When the line containing "line L1 (45, -19) -> (30.25, -19)" is found in the data below, copy it and each line after it through the line containing "point P1 (37.625, 0)", exactly and with no others.
Start of Supplied entries
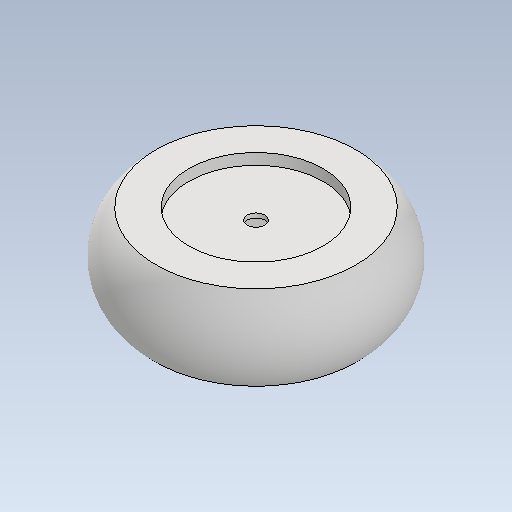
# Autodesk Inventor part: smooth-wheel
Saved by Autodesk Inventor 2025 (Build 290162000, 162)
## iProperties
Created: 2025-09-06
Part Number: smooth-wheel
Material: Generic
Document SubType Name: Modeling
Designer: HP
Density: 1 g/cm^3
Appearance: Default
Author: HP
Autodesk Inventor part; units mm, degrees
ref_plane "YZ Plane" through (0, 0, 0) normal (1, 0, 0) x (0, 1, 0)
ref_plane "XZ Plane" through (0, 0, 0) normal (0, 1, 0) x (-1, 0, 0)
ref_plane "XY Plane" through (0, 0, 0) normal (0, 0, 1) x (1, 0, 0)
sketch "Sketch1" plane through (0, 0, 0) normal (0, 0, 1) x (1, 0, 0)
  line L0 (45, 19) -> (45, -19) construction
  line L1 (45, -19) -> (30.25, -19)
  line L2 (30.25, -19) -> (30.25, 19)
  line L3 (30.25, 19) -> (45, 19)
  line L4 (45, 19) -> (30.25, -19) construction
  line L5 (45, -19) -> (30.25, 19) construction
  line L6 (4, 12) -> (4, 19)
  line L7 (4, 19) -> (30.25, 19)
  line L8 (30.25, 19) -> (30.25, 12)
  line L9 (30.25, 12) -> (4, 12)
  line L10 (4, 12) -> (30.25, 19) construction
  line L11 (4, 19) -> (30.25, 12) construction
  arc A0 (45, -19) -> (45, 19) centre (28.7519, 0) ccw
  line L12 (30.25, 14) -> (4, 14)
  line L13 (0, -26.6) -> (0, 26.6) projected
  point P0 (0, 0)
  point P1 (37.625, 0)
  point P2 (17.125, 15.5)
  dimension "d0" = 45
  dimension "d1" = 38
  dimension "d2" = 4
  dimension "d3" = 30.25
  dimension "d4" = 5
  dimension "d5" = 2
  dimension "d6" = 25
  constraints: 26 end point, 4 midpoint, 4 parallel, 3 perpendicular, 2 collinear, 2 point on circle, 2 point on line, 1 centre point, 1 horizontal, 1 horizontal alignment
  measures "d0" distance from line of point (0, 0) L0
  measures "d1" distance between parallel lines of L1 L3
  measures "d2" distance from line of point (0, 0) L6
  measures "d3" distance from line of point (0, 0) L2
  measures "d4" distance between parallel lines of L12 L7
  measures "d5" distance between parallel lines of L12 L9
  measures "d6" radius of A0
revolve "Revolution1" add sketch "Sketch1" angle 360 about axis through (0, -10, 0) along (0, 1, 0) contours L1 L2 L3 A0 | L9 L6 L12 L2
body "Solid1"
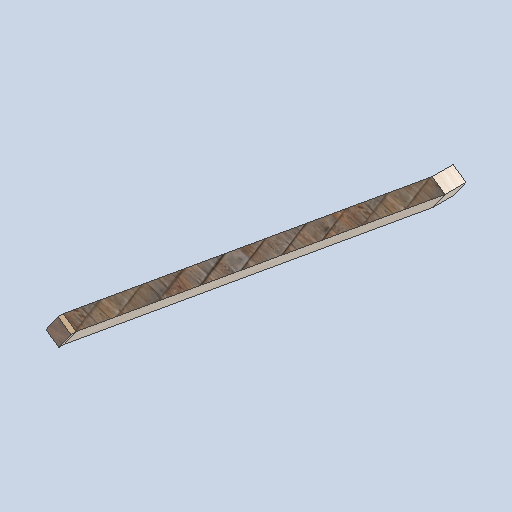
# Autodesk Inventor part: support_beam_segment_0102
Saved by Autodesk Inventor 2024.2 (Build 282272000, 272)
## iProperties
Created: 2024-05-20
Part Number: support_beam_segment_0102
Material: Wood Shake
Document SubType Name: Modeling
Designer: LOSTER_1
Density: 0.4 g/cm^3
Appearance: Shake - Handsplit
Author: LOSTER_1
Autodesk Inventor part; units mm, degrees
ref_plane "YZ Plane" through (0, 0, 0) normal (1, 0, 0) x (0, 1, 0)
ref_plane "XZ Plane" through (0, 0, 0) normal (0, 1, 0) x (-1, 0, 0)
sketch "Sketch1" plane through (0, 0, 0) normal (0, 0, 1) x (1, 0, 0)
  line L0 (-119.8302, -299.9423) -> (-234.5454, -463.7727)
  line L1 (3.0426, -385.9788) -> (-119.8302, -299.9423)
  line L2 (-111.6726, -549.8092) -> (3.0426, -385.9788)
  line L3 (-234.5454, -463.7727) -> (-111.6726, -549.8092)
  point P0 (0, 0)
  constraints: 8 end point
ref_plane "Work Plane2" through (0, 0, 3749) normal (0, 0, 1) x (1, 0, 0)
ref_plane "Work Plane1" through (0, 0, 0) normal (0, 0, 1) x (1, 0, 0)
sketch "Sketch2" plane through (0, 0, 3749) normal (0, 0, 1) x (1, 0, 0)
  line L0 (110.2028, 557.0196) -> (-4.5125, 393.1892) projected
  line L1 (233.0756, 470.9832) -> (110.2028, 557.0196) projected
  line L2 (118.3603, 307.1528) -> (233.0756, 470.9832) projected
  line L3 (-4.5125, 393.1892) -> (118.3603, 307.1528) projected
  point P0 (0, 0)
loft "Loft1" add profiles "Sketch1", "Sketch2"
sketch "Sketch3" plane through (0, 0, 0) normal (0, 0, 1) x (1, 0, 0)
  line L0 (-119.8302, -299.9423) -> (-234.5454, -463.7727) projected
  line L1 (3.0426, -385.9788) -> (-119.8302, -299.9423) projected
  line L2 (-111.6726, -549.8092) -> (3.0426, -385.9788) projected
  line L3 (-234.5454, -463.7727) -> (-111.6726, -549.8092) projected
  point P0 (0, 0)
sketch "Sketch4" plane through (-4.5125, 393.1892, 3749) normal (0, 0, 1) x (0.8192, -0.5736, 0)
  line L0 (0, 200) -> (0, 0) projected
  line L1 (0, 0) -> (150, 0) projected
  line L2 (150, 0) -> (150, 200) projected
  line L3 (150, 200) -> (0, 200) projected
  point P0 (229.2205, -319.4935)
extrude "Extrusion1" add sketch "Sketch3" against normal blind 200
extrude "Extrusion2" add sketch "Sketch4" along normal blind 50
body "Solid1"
End of Supplied entries
• **Written solution**:
  line L1 (45, -19) -> (30.25, -19)
  line L2 (30.25, -19) -> (30.25, 19)
  line L3 (30.25, 19) -> (45, 19)
  line L4 (45, 19) -> (30.25, -19) construction
  line L5 (45, -19) -> (30.25, 19) construction
  line L6 (4, 12) -> (4, 19)
  line L7 (4, 19) -> (30.25, 19)
  line L8 (30.25, 19) -> (30.25, 12)
  line L9 (30.25, 12) -> (4, 12)
  line L10 (4, 12) -> (30.25, 19) construction
  line L11 (4, 19) -> (30.25, 12) construction
  arc A0 (45, -19) -> (45, 19) centre (28.7519, 0) ccw
  line L12 (30.25, 14) -> (4, 14)
  line L13 (0, -26.6) -> (0, 26.6) projected
  point P0 (0, 0)
  point P1 (37.625, 0)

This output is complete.